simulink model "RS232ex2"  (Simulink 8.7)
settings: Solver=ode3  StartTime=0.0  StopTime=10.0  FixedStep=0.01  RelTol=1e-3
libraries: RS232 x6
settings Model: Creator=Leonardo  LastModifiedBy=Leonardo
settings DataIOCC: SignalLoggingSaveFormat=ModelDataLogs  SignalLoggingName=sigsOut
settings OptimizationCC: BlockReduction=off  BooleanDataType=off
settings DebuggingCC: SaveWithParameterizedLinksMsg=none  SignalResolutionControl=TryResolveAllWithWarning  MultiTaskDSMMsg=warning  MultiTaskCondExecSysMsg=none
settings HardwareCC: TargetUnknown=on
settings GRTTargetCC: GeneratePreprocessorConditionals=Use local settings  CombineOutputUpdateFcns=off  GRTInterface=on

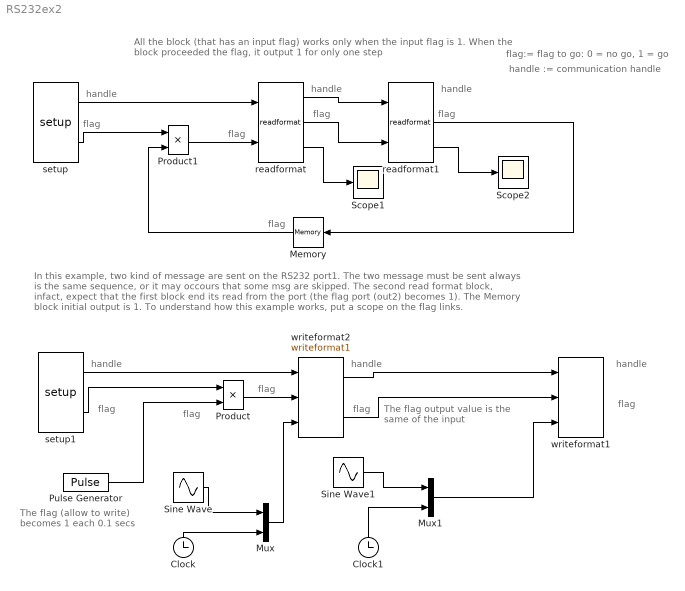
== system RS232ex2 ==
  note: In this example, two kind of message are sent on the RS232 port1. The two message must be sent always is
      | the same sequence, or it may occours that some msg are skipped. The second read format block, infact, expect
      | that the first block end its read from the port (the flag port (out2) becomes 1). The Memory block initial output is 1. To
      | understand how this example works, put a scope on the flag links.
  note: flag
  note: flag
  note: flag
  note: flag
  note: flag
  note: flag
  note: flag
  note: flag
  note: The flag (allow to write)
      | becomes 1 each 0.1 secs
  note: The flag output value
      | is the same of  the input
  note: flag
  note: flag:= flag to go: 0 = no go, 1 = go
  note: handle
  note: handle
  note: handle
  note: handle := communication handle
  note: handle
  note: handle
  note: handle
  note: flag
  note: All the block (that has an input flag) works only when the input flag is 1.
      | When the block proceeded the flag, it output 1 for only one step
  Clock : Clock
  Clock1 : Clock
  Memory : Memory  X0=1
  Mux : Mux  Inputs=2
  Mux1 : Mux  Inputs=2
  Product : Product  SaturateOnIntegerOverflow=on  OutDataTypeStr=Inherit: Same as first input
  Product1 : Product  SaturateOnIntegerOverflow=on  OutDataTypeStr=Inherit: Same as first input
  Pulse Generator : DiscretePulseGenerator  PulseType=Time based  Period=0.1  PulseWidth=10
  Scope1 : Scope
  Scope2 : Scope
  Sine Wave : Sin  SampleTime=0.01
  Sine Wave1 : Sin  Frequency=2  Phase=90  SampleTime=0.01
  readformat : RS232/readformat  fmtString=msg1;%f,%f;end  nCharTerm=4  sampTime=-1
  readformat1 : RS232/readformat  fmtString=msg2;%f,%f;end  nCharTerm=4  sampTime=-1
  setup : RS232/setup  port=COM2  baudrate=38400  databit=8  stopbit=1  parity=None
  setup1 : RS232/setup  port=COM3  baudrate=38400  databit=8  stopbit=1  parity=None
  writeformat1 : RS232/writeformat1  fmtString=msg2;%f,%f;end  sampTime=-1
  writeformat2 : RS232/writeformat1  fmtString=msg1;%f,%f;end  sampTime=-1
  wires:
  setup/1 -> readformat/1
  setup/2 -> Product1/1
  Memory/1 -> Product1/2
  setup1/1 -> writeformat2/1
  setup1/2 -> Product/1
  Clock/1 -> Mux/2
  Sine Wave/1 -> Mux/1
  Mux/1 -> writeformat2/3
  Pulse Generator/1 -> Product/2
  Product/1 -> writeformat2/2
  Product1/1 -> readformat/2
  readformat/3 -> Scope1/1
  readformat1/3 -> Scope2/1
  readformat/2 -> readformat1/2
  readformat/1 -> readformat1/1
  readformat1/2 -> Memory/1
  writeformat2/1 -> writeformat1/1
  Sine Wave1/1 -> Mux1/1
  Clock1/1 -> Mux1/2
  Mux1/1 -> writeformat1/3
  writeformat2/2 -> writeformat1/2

☆ ☆ ☆ ☆ ☆ ☆ ☆

## What to do
In the answer, set down only the lines from the opening line of the listing through the line that holds "block, infact, expect", exactly as they appear, minus the pictures.

## Output for this exercise
simulink model "RS232ex2"  (Simulink 8.7)
settings: Solver=ode3  StartTime=0.0  StopTime=10.0  FixedStep=0.01  RelTol=1e-3
libraries: RS232 x6
settings Model: Creator=Leonardo  LastModifiedBy=Leonardo
settings DataIOCC: SignalLoggingSaveFormat=ModelDataLogs  SignalLoggingName=sigsOut
settings OptimizationCC: BlockReduction=off  BooleanDataType=off
settings DebuggingCC: SaveWithParameterizedLinksMsg=none  SignalResolutionControl=TryResolveAllWithWarning  MultiTaskDSMMsg=warning  MultiTaskCondExecSysMsg=none
settings HardwareCC: TargetUnknown=on
settings GRTTargetCC: GeneratePreprocessorConditionals=Use local settings  CombineOutputUpdateFcns=off  GRTInterface=on

== system RS232ex2 ==
  note: In this example, two kind of message are sent on the RS232 port1. The two message must be sent always is
      | the same sequence, or it may occours that some msg are skipped. The second read format block, infact, expect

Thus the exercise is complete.